Con todo y eso, el kirchnerismo (2003-2015) redujo la deuda de 166% a un 41.8% del PIB, la pobreza a un 10.8% y la indigencia a un 4.2%; durante su gestión, el salario mínimo pasó de 260 a 4 mil 400 pesos argentinos. Con este, se podían comprar 185 litros de leche en 2003; en 2015, al final del kirchnerismo, 440. Y la clase media aumentó 50% (de 9.3 a 18.6 millones de personas), de acuerdo con el Banco Mundial.
Las y los argentinos están pagando un precio muy alto por haber creído en la fantasía futbolera. Con el gobierno de Cambiemos –la coalición macrista–, la electricidad ha subido 562%, el agua un 338% y el gas un 223%. Lo anterior es consecuencia de la eliminación de los subsidios que decretó Macri. El de la electricidad cayó de 70 a 18% y en 2019 lo hará al 10%. En el caso del gas, pasó de 80 a 30% y en 2019 será de 0%. Para 2018, el gas aumentará otro 36%, el agua 40% y la electricidad un 56%.
Con Macri, la deuda externa subió 35% -supuestamente, para combatir el déficit fiscal-, alcanzando el 60% del PIB. Como si tuviese la encomienda de generar una nueva crisis económica, para facilitar la entrada en escena del FMI, Macri creó una reforma fiscal que facilitó la huida de capitales, ya de por si inquietos con el endeudamiento. Así, el peso argentino se devaluó 22% en mayo. El kirchnerismo dejó la paridad en 9.86 pesos por dólar. Ahora es de 25.49. Y no fue todo: En 15 días perdió 10 mil millones de dólares en reservas, intentando contener la devaluación. También subió las tasas de interés al 40%. El final era previsible. Macri le pidió 30 mil millones de dólares prestados al FMI, que ahora impondrá políticas económicas –es parte de las condiciones para dar ese dinero–… donde los que pagarán, otra vez, serán los pobres y la clase media.
Los argentinos saben lo que significa pedirle prestado al FMI y lo rechazan.
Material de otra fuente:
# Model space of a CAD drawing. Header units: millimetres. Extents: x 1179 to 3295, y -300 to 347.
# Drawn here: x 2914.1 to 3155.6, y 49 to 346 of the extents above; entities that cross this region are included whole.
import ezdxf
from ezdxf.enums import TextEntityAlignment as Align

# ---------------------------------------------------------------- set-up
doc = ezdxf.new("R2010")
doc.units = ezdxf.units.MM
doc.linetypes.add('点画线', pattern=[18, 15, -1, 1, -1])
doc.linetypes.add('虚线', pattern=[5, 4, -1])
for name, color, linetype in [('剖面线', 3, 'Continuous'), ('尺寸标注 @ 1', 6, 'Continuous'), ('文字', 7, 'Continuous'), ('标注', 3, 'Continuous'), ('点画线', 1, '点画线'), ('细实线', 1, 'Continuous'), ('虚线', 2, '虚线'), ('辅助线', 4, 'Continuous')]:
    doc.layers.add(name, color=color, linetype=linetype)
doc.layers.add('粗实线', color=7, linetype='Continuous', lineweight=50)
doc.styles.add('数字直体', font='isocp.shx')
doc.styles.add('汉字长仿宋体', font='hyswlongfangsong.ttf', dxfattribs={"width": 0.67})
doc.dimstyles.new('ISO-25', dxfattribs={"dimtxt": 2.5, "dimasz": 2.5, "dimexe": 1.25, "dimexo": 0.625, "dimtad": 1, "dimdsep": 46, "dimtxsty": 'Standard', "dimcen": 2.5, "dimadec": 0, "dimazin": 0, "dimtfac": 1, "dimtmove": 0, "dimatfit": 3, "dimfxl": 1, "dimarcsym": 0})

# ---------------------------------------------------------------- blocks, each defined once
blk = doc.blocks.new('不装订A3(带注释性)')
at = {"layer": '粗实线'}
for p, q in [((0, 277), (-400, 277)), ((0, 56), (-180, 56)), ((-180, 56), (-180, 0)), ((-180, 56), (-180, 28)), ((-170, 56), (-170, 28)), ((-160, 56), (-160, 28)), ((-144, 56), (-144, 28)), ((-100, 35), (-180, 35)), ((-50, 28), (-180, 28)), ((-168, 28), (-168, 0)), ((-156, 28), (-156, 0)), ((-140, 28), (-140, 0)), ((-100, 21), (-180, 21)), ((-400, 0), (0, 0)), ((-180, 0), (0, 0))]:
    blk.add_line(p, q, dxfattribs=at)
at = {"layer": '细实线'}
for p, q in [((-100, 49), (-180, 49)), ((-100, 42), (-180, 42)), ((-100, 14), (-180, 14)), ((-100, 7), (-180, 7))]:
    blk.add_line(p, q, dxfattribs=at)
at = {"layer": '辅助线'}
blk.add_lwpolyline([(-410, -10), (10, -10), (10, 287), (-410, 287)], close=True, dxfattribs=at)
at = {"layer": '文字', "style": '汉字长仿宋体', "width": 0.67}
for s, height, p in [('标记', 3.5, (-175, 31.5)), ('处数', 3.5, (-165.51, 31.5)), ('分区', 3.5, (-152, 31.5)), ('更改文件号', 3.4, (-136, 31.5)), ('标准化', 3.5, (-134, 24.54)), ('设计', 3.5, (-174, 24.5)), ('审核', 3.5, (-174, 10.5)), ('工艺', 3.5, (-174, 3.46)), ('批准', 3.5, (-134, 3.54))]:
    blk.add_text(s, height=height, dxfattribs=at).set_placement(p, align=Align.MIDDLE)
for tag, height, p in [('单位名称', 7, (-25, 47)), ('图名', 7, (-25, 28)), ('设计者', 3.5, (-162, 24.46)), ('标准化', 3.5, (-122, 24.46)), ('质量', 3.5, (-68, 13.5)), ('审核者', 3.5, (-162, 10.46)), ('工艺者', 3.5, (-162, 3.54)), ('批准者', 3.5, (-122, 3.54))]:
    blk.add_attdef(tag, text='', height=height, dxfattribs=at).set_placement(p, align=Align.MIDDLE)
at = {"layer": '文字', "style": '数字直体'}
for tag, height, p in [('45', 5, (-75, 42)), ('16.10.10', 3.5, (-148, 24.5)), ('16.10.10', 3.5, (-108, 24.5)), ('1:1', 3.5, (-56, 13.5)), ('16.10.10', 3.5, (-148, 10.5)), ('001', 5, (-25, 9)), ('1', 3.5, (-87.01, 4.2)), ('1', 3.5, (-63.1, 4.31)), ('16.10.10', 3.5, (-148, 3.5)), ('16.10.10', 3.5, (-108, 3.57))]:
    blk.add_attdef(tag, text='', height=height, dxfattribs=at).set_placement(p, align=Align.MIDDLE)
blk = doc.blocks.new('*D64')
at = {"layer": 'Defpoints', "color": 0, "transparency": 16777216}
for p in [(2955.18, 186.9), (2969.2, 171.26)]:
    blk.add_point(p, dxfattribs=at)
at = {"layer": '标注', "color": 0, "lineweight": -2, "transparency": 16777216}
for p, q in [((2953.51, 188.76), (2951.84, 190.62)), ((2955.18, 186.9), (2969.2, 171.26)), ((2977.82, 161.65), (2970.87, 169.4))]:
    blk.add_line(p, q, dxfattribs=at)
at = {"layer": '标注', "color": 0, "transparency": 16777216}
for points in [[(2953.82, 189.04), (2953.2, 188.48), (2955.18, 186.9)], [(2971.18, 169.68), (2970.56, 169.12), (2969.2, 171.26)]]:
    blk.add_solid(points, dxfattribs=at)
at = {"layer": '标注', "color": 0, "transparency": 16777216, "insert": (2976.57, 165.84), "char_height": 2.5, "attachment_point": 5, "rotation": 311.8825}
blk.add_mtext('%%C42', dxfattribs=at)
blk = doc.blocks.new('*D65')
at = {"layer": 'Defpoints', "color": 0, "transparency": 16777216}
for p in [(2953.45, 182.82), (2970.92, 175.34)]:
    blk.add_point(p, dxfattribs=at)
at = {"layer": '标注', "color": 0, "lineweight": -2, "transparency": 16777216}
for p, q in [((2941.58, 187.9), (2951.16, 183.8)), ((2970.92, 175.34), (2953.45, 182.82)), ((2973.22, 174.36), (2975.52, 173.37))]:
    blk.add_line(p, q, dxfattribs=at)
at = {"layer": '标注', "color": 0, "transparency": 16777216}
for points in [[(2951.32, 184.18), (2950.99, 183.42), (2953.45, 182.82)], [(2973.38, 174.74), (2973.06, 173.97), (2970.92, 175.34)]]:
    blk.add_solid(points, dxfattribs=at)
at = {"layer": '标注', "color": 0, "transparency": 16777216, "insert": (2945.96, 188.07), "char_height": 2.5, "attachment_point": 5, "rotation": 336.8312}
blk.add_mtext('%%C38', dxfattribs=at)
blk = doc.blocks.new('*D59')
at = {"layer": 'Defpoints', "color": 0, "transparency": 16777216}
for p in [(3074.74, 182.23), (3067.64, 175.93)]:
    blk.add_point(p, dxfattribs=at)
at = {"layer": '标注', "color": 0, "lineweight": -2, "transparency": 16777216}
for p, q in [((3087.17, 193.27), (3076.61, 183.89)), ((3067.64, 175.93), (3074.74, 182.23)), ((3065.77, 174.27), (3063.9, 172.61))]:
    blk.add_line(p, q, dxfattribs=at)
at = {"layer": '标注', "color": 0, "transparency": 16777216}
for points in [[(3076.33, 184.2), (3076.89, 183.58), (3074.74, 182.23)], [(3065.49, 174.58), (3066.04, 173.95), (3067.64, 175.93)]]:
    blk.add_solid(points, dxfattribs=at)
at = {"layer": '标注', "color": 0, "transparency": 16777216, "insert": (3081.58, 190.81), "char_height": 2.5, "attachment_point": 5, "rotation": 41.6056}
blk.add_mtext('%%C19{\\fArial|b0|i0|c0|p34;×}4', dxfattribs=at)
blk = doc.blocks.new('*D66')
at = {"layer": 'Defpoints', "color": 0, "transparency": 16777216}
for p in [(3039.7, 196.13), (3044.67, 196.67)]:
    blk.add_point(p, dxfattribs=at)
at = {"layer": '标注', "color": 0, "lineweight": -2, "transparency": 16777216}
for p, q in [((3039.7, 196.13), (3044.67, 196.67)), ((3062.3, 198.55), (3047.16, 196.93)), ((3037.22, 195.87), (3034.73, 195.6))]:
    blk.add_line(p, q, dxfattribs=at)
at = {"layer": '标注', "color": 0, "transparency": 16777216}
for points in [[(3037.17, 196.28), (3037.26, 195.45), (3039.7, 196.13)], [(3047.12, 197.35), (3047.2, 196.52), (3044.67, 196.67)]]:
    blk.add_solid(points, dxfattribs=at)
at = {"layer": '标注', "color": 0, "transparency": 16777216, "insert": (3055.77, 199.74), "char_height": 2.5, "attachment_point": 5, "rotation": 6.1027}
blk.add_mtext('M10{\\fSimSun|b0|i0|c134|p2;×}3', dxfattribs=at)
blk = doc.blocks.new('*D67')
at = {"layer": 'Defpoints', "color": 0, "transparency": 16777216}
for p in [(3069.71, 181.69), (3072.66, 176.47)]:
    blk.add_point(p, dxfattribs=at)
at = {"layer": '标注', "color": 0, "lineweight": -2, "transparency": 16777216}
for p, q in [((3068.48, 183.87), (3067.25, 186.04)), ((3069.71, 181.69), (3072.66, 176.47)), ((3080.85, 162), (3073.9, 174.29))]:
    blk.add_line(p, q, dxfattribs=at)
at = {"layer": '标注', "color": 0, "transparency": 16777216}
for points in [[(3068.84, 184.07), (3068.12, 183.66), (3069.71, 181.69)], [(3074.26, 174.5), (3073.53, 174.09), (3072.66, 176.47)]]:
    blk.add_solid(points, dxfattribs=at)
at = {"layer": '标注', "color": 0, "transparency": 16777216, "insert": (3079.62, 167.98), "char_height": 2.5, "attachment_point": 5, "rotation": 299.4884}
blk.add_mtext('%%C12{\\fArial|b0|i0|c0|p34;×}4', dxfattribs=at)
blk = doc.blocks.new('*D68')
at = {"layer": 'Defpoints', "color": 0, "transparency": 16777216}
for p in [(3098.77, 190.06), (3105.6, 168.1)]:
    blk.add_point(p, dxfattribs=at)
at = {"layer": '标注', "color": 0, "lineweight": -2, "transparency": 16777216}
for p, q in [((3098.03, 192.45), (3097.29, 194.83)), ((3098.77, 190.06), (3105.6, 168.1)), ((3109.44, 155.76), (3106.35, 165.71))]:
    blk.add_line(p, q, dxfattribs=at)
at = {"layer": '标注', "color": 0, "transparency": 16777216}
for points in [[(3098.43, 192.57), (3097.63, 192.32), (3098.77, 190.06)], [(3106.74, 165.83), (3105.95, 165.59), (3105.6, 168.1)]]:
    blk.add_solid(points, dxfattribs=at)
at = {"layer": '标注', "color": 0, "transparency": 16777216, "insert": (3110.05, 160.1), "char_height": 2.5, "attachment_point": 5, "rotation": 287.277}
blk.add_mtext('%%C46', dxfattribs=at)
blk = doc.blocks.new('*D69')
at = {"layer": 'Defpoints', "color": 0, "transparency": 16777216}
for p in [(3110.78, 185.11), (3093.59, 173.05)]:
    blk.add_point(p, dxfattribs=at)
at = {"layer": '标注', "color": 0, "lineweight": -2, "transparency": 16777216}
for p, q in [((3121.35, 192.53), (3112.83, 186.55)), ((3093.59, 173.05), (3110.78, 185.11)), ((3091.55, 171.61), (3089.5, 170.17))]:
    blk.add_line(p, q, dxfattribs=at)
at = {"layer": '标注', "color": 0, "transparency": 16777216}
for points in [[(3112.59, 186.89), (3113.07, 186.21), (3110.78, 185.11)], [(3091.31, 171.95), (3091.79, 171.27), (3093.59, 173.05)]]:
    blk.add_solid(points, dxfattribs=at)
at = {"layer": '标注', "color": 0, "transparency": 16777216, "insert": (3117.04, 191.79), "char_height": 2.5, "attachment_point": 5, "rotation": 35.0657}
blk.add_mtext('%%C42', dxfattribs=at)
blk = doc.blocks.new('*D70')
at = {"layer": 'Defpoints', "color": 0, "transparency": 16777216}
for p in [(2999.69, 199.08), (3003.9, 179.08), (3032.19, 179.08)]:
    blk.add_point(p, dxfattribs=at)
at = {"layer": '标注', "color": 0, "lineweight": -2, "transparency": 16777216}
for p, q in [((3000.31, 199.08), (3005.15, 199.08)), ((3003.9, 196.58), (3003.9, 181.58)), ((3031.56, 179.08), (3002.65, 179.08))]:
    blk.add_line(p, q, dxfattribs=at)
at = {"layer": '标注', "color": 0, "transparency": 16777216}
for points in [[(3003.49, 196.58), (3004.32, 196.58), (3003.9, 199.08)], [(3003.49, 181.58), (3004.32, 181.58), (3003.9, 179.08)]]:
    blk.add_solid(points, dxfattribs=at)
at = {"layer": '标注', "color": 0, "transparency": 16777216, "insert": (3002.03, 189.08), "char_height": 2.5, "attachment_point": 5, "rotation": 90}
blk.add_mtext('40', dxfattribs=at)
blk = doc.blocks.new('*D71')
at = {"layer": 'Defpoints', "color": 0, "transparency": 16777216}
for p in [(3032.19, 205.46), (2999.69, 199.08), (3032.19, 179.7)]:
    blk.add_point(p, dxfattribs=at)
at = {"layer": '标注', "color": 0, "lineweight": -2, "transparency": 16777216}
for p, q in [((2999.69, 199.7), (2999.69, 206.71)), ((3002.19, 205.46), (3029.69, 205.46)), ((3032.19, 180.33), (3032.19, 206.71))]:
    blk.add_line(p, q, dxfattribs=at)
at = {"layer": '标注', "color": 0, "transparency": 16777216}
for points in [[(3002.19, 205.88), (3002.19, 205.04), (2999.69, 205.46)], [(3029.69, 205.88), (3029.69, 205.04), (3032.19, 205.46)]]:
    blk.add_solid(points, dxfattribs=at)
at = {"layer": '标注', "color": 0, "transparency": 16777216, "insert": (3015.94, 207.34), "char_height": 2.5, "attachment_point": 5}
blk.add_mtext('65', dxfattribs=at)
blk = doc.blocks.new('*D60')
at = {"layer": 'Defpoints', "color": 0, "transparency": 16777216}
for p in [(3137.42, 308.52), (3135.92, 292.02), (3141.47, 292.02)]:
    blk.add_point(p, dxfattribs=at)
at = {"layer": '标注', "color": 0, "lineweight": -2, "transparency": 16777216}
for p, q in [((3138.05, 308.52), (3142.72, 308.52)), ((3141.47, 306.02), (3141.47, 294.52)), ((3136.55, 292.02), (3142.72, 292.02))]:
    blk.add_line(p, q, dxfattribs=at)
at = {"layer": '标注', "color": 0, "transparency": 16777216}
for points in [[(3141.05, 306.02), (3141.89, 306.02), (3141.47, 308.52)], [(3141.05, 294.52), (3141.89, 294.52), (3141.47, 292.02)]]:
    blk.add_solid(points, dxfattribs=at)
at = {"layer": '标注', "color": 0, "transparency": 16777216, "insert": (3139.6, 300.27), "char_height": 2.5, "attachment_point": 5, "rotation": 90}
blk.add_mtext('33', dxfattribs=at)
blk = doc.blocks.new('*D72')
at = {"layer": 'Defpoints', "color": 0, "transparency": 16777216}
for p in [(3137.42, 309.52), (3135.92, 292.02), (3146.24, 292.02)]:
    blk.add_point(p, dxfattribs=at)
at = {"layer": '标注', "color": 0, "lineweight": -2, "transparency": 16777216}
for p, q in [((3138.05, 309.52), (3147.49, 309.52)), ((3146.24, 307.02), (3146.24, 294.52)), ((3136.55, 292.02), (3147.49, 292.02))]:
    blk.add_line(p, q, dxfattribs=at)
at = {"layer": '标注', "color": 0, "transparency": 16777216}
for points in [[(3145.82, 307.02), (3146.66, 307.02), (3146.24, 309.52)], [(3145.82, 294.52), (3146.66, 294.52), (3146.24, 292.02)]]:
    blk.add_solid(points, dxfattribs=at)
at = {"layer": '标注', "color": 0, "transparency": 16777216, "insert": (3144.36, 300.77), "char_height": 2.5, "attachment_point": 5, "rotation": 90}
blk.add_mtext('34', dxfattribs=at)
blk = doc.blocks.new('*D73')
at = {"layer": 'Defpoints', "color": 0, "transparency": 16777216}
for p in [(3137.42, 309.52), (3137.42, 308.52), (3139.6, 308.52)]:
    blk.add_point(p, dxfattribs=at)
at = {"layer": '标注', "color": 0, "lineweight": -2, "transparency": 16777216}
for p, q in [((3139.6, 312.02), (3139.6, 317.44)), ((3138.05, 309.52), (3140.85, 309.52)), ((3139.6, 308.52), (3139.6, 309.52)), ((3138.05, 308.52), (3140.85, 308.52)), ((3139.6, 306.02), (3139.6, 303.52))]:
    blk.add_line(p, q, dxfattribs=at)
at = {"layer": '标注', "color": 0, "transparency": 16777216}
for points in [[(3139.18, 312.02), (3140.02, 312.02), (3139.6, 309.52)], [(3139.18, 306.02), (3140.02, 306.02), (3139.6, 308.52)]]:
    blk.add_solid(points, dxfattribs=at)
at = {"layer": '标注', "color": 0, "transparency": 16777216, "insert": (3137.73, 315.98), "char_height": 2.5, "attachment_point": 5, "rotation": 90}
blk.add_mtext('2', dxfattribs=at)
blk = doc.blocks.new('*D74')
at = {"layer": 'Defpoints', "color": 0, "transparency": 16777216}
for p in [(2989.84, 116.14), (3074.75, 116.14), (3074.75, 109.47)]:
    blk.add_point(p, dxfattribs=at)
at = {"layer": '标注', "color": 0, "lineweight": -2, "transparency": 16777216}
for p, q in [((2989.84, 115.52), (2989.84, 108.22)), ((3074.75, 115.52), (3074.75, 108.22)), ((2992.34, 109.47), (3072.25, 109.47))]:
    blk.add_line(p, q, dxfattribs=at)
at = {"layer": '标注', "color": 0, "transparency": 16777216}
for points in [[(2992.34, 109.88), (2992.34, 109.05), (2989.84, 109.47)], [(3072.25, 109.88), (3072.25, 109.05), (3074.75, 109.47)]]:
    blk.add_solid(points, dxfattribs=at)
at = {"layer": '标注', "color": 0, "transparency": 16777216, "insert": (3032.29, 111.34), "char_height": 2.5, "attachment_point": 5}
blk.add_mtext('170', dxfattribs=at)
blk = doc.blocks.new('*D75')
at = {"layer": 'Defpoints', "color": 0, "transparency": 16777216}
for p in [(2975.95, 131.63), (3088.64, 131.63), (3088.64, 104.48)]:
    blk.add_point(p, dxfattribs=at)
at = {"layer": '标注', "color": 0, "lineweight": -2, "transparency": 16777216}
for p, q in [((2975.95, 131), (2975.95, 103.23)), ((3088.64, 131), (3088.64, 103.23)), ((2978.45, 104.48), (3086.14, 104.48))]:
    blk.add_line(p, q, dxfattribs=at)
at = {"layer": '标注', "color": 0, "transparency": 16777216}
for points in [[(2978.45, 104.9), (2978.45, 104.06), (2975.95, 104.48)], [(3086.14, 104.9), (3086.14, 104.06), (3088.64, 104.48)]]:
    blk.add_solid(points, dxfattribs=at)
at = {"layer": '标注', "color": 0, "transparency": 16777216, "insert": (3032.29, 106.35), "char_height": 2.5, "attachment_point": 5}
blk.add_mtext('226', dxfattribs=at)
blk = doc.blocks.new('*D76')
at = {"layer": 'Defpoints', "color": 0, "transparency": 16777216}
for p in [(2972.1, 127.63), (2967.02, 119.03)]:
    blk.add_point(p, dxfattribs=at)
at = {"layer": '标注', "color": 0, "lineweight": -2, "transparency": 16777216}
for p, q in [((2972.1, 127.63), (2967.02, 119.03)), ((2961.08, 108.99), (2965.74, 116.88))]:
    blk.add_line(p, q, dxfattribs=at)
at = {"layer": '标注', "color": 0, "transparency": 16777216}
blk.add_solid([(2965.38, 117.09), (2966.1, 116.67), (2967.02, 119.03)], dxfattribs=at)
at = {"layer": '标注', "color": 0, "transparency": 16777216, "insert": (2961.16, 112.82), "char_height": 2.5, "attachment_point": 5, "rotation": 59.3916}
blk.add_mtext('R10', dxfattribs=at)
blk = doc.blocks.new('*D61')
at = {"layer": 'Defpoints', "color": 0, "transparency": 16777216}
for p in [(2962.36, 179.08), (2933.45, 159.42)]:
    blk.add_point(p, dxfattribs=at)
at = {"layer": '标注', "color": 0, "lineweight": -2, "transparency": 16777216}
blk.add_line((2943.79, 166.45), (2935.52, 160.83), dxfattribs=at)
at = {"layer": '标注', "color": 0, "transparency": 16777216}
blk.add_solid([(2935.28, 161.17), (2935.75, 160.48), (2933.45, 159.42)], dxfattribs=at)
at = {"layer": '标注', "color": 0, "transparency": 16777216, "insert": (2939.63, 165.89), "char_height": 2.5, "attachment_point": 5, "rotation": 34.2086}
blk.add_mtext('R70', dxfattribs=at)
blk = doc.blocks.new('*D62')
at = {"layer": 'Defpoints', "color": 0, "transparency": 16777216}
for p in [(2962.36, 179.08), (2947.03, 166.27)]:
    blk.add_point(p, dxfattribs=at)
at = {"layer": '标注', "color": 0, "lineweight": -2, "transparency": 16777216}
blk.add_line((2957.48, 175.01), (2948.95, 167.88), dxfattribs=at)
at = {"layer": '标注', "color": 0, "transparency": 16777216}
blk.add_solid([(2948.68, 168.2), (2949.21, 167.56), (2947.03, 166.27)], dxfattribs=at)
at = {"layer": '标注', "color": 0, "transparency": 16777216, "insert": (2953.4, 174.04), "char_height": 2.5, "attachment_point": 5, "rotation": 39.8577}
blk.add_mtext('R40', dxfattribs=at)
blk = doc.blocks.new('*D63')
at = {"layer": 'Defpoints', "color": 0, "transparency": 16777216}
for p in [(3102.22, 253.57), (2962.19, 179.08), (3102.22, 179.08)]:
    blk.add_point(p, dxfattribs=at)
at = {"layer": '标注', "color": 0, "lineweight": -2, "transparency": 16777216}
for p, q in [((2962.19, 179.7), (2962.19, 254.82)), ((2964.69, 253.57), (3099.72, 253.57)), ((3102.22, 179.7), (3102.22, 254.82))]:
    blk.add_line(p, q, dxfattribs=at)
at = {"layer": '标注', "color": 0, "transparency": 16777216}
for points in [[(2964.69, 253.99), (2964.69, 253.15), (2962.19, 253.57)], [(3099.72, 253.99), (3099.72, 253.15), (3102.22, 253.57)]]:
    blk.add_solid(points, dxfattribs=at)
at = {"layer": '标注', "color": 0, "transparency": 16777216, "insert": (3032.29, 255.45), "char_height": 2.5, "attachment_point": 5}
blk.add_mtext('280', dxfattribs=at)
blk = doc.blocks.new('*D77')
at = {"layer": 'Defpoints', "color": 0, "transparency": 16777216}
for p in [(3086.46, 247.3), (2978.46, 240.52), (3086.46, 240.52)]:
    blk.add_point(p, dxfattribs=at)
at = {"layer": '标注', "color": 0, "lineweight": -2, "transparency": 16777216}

La semana pasada, la oposición –kirchnerista y no kirchnerista–, se unió, al fin, avalando en el Congreso una ley para frenar las alzas en gas, agua y electricidad. Apenas la aprobaron, Macri la vetó. ¿Argentina seguirá perdonándolo?
Comicios: Hoy será la primera vuelta de las elecciones para gobernador en California. La última encuesta, efectuada por la UC Berkeley (22-28 de mayo, 2,106 entrevistas, +/- 3.5% como margen de error), señala que el demócrata Gavin Newsom (33%) y el republicano John Cox (20%) pasarán a la segunda.
A 26 días de la elección, esto dice Oraculus.mx: AMLO tiene entre 44-51% de las preferencias; Anaya entre 25 y 32%; Meade entre 18 y 23%.